Sul piano del coordinamento orizzontale tra le ANA, l'applicazione del D.Lgs. 52/2018 ha favorito la nascita di FedANA, la Federazione Nazionale delle Associazioni di Razza e Specie, alla quale le ANA possono aderire su base volontaria. FedANA non ha funzioni operative sui controlli funzionali, ma opera come organismo di indirizzo strategico e di valorizzazione del patrimonio comune di dati, laboratori e infrastrutture genetiche. Il sistema allevatori italiano vanta oggi oltre 100 razze allevate, conservate e selezionate, con più di 50 milioni di informazioni genealogiche archiviate e in quotidiano aggiornamento.

 

Il programma di Prandini

In questo quadro istituzionale complesso il nuovo presidente ha delineato un programma che punta a rafforzare il ruolo dell'AIA quale infrastruttura tecnica di sistema. Tra gli impegni immediati figurano l'avvio di un Piano nazionale per i dati zootecnici, con indicatori comuni su produzione, sanità, benessere animale, ambiente, qualità e redditività, adattati alle diverse specie e filiere; investimenti in infrastrutture digitali e laboratori; supporto ai giovani allevatori attraverso formazione e accesso al credito; valorizzazione delle razze autoctone. La rete AIA/ARA dovrà essere rafforzata nella governance e nella standardizzazione dei processi, con l'obiettivo dichiarato di rendere i dati non solo raccolti, ma affidabili, confrontabili e utilizzabili da allevatori, associazioni regionali e nazionali, ricerca e stakeholder di filiera. 

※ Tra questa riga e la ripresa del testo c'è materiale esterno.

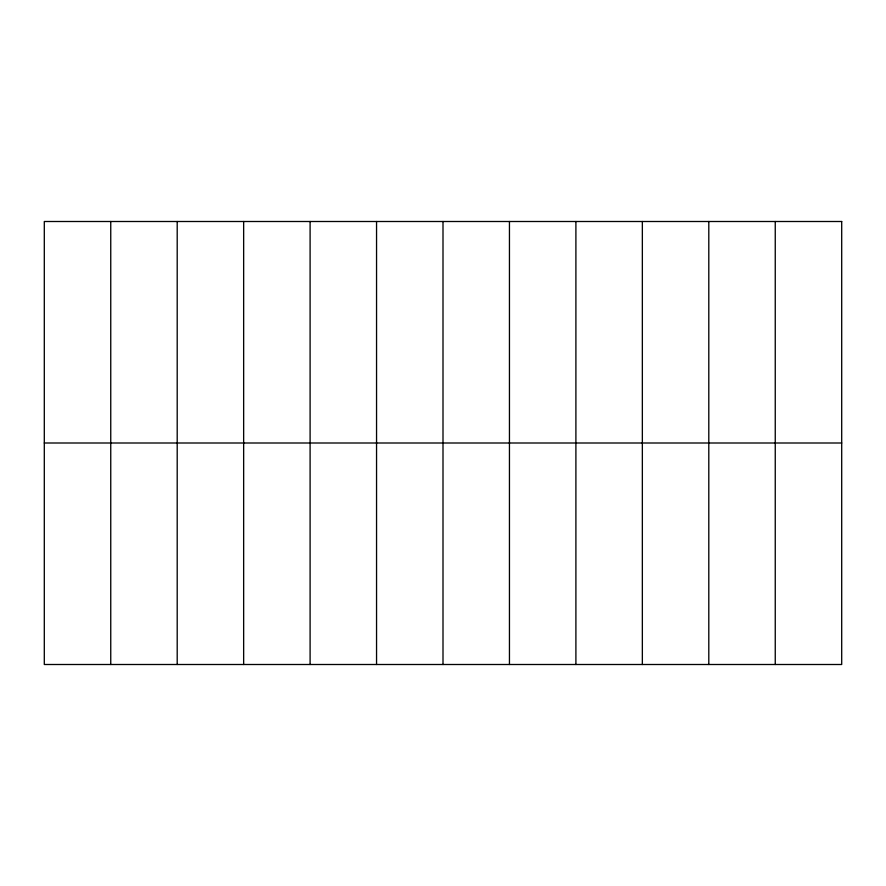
<?xml version="1.0" encoding="UTF-8"?>
<svg xmlns="http://www.w3.org/2000/svg" width="886" height="886" viewBox="0 0 886 886"><rect width="100%" height="100%" fill="white"/><g stroke="black" fill="none" stroke-linecap="round" stroke-linejoin="round"><path stroke-width="1.33" d="M44.3 443L841.7 443M775.25 221.5L775.25 664.5M708.8 221.5L708.8 664.5M642.35 221.5L642.35 664.5M575.9 221.5L575.9 664.5M509.45 221.5L509.45 664.5M443 221.5L443 664.5M376.55 221.5L376.55 664.5M310.1 221.5L310.1 664.5M243.65 221.5L243.65 664.5M177.2 221.5L177.2 664.5M110.75 221.5L110.75 664.5M841.7 221.5L44.3 221.5L44.3 664.5L841.7 664.5L841.7 221.5"/></g></svg>

La sfida sottostante è di natura istituzionale, oltre che tecnica: governare un sistema in cui l'AIA è soggetto terzo indispensabile per la raccolta dati, ma non detiene i libri genealogici né elabora gli indici genetici, in un contesto in cui il numero di enti selezionatori è cresciuto e la concorrenza tra di essi, almeno sulla Frisona,  è ora una realtà normativa. Costruire un punto di convergenza tra questi soggetti, garantendo qualità e uniformità del dato zootecnico nazionale, è la vera sfida del mandato Prandini.